南海高野線 学文路(かむろ)駅舎

学文路(かむろ)駅舎

  大正13年(1924年)

  構造 木造平屋建

 

gaku1 前回の九度山駅舎に続き今回は学文路駅舎を中心にご紹介します。九度山駅、学文路駅、紀伊清水駅はいずれも大正13年に開設され現在も当時のままの駅舎の状態で利用されています。外見的特徴は同時期に建設された三駅に共通する部分も多く、外壁は柱型付下見張で構成され屋根は木造トラスとやや細身の方杖により構成されています。中でも学文路駅の特徴は母屋桁を支える方杖で、緩やかな曲面をもった方杖は軒下空間の緩和措置として効果しており訪れる人を優しく出迎えてくれる印象を持ちます。駅舎としての最小限の機能を簡潔にまとめ上げられ、その洗練された雰囲気は現在も感じ取ることができます。駅舎は高台に存在し国道からは斜めに延びる特徴的な階段の先に立地します。眼下には悠々と流れる紀ノ川を望むことができ古くから宿場町として栄えたこの地の重要な交通拠点です。

  駅舎より北方面にあるのは学問の神様で有名な学文路天満宮。周囲は深い山々で囲まれ、道幅が狭く起伏のある道を進んだ先にあります。まるで訪れる者を試すかのような存在です。gaku3 (1)
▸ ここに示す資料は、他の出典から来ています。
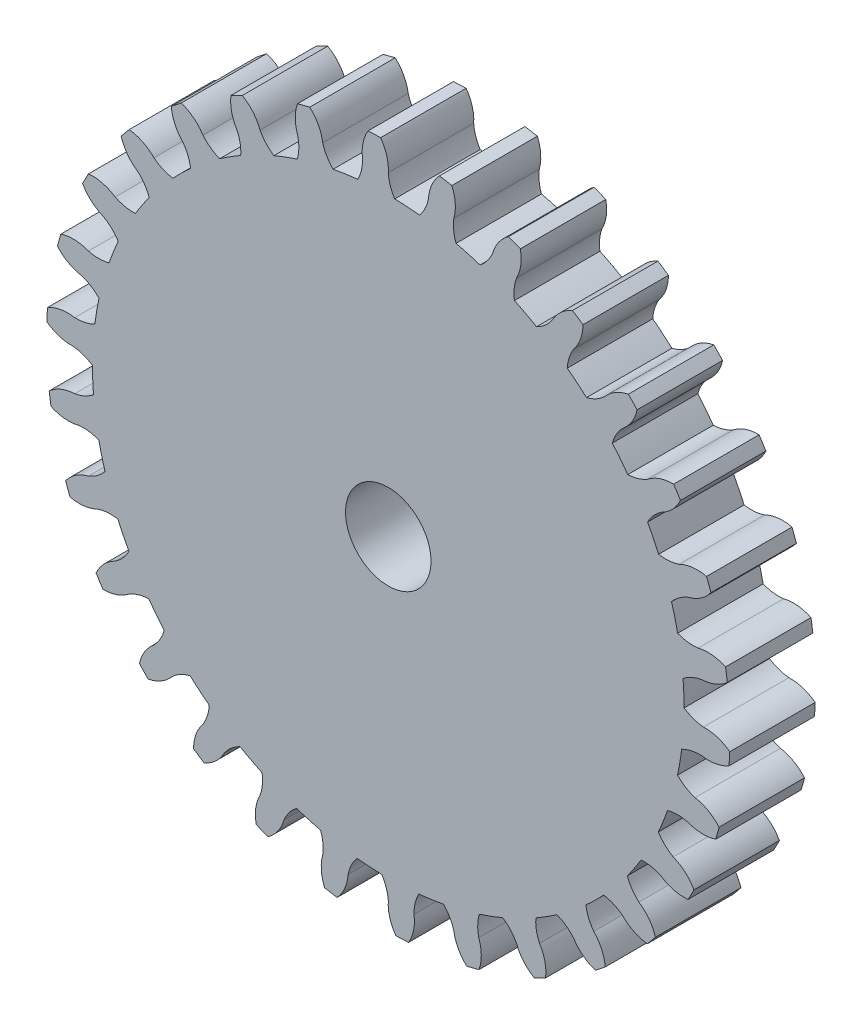
SolidWorks part; units mm, degrees
ref_plane "Alzado" through (0, 0, 0) normal (0, 0, 1) x (1, 0, 0)
ref_plane "Planta" through (0, 0, 0) normal (0, 1, 0) x (1, 0, 0)
ref_plane "Vista lateral" through (0, 0, 0) normal (1, 0, 0) x (0, 0, -1)
sketch "Croquis1" plane through (0, 0, 0) normal (0, 0, 1) x (1, 0, 0)
  circle A0 centre (0, 0) radius 43.9547
  circle A1 centre (0, 0) radius 47.625
  circle A2 centre (0, 0) radius 50.8
  circle A3 centre (0, 47.625) radius 6.0833
  circle A4 centre (-6.0709, 47.2365) radius 6.0833
  circle A5 centre (6.0709, 47.2365) radius 6.0833
  circle A6 centre (12.0427, 46.0773) radius 6.0833
  dimension "D1" = 101.6
  dimension "D2" = 95.25
  dimension "D3" = 87.9094
  dimension "D4" = 12.1666
extrude "Saliente-Extruir1" add sketch "Croquis1" along normal blind 12.7 contours A2
extrude "Cortar-Extruir1" cut sketch "Croquis1<4>" along normal through all contours A6 A2 A3 | A2 A5 A1 A3 | A5 A2 A4 | A6 A1 A4 A5 A0 A3 region at (2.9312, 45.8018, 0) region at (3.1357, 48.9981, 0) region at (6.3671, 49.5414, 0) region at (0, 49.9489, 0)
sketch "Croquis1<4>" plane through (0, 0, 0) normal (0, 0, 1) x (1, 0, 0) same geometry as "Croquis1"
pattern_circular "MatrizC1" count 30 over 360 about axis through (0, 0, 12.7) along (0, 0, 1) of "Cortar-Extruir1"
sketch "Croquis2" plane through (0, 0, 12.7) normal (0, 0, 1) x (1, 0, 0)
  circle A0 centre (0, 0) radius 6.35
  dimension "D1" = 12.7
extrude "Cortar-Extruir2" cut sketch "Croquis2" against normal through all

高野街道沿いに存在し歴史の舞台としても多く登場します。

  学文路駅を後に向かったのは慈尊院。本堂である弥勒堂は世界遺産のひとつとして認定されています。空海が高野山を開いた頃、女人禁制であったため多くの女性信者がこのお寺を信仰しました。空海の母、玉依御前が息子の開いた高野を見ようと四国より訪れこのお寺に滞在しました。空海は月に9回も母に会いにこのお寺を訪れたそうです。それに由来しこの地域を九度山と名付けたそうです。慈尊院の南側、長い階段を上った所に丹生官省符神社にうかんしょうふじんじゃがあります。こちらの本殿も慈尊院同様世界遺産に認定されています。

gaku3 (2)  本取材で訪れた九度山周辺は豊かな自然と高野山を背景に歴史の舞台としても名高く、古くから人の交通要所であったことを察します。大正13年に開設された学文路駅を特急“こうや”が颯爽と走り抜ける光景は印象的で南海高野線が高野信仰への重要な手段であったとこは当然のこと、関西の主要な都市である難波と伊都地方を繋ぐライフラインとして重要な位置づけにあることを感じました。